Task item >>
Repeat the records below exactly, leaving out every picture.

--- START ---

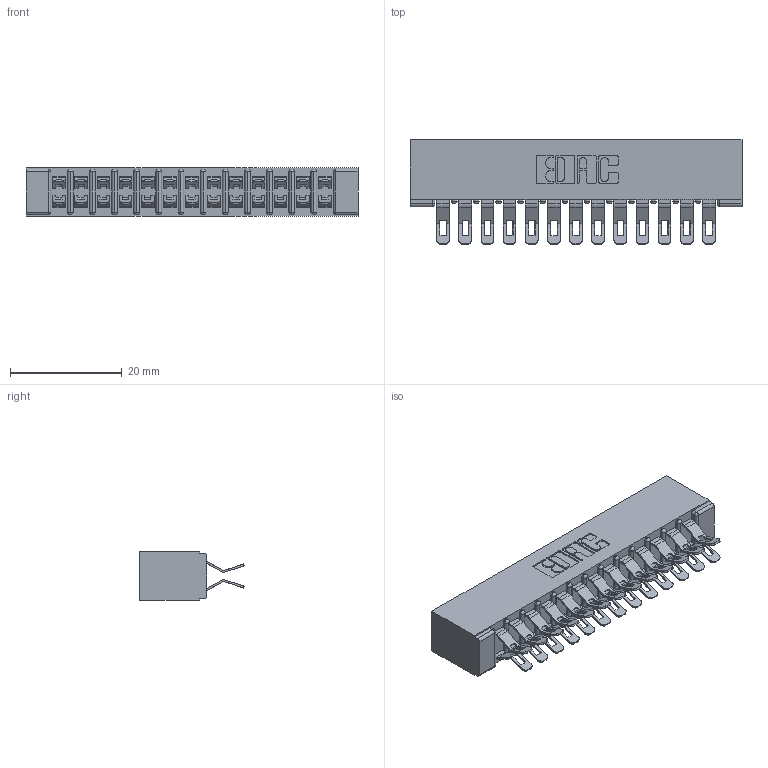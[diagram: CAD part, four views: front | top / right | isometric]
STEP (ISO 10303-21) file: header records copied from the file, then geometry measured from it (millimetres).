
FILE_DESCRIPTION (( 'STEP AP203' ), '1' );
FILE_NAME ('357-026-455-201.STEP', '2020-10-03T02:42:52', ( '' ), ( '' ), 'SwSTEP 2.0', 'SolidWorks 2020', '' );
FILE_SCHEMA (( 'CONFIG_CONTROL_DESIGN' ));
Length unit declared in the file: inch
Products named in the file (3): 357-026-455-201; 307 Part_No Mounting Lugs; 307-290-001_555
Assembly tree (27 placements, depth 2):
  357-026-455-201
    307 Part_No Mounting Lugs
    307-290-001_555  x26
Bounding box: 59.39 x 18.75 x 8.71 mm (x, y, z)
Volume: 4196 mm3; surface area: 7840.4 mm2
Topology: 27 solids, 27 shells, 1710 faces, 5005 edges, 3262 vertices
Faces by surface type: plane 950, cylinder 732, sphere 28
Entity records: 15395 total; most frequent: CARTESIAN_POINT 2529, ORIENTED_EDGE 2504, DIRECTION 2496, EDGE_CURVE 1252, VECTOR 938, LINE 938, VERTEX_POINT 812, AXIS2_PLACEMENT_3D 779

--- END ---

Written solution >>
[diagram: CAD part, four views: front | top / right | isometric]
STEP (ISO 10303-21) file: header records copied from the file, then geometry measured from it (millimetres).
FILE_DESCRIPTION (( 'STEP AP203' ), '1' );
FILE_NAME ('357-026-455-201.STEP', '2020-10-03T02:42:52', ( '' ), ( '' ), 'SwSTEP 2.0', 'SolidWorks 2020', '' );
FILE_SCHEMA (( 'CONFIG_CONTROL_DESIGN' ));
Length unit declared in the file: inch
Products named in the file (3): 357-026-455-201; 307 Part_No Mounting Lugs; 307-290-001_555
Assembly tree (27 placements, depth 2):
  357-026-455-201
    307 Part_No Mounting Lugs
    307-290-001_555  x26
Bounding box: 59.39 x 18.75 x 8.71 mm (x, y, z)
Volume: 4196 mm3; surface area: 7840.4 mm2
Topology: 27 solids, 27 shells, 1710 faces, 5005 edges, 3262 vertices
Faces by surface type: plane 950, cylinder 732, sphere 28
Entity records: 15395 total; most frequent: CARTESIAN_POINT 2529, ORIENTED_EDGE 2504, DIRECTION 2496, EDGE_CURVE 1252, VECTOR 938, LINE 938, VERTEX_POINT 812, AXIS2_PLACEMENT_3D 779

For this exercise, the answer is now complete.